REQUIREMENT :: Each record must be written out again exactly. Skip any picture it contains.

***** THE DATA *****

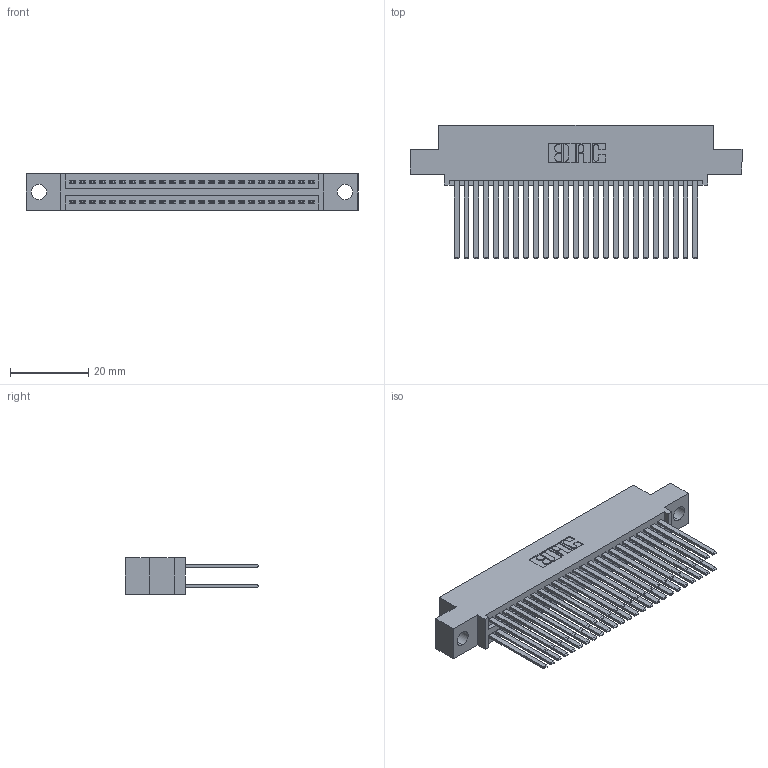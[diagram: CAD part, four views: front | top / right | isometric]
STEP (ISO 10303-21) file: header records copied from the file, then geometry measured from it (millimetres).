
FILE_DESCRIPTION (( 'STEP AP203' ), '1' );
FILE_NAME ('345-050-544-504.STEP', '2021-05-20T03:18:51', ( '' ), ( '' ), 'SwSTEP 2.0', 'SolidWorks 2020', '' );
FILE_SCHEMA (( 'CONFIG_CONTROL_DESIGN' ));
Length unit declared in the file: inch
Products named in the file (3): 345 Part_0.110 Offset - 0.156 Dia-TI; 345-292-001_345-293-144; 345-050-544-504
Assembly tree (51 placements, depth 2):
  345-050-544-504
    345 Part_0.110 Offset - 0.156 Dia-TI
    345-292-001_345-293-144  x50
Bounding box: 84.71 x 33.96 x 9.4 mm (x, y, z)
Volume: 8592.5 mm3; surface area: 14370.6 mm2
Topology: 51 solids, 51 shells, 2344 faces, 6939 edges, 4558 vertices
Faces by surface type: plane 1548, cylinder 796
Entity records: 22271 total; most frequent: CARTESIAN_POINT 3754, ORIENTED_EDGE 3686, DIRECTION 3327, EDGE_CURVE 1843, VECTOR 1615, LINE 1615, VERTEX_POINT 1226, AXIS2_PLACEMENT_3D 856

*****

TASK ANSWER ::
[diagram: CAD part, four views: front | top / right | isometric]
STEP (ISO 10303-21) file: header records copied from the file, then geometry measured from it (millimetres).
FILE_DESCRIPTION (( 'STEP AP203' ), '1' );
FILE_NAME ('345-050-544-504.STEP', '2021-05-20T03:18:51', ( '' ), ( '' ), 'SwSTEP 2.0', 'SolidWorks 2020', '' );
FILE_SCHEMA (( 'CONFIG_CONTROL_DESIGN' ));
Length unit declared in the file: inch
Products named in the file (3): 345 Part_0.110 Offset - 0.156 Dia-TI; 345-292-001_345-293-144; 345-050-544-504
Assembly tree (51 placements, depth 2):
  345-050-544-504
    345 Part_0.110 Offset - 0.156 Dia-TI
    345-292-001_345-293-144  x50
Bounding box: 84.71 x 33.96 x 9.4 mm (x, y, z)
Volume: 8592.5 mm3; surface area: 14370.6 mm2
Topology: 51 solids, 51 shells, 2344 faces, 6939 edges, 4558 vertices
Faces by surface type: plane 1548, cylinder 796
Entity records: 22271 total; most frequent: CARTESIAN_POINT 3754, ORIENTED_EDGE 3686, DIRECTION 3327, EDGE_CURVE 1843, VECTOR 1615, LINE 1615, VERTEX_POINT 1226, AXIS2_PLACEMENT_3D 856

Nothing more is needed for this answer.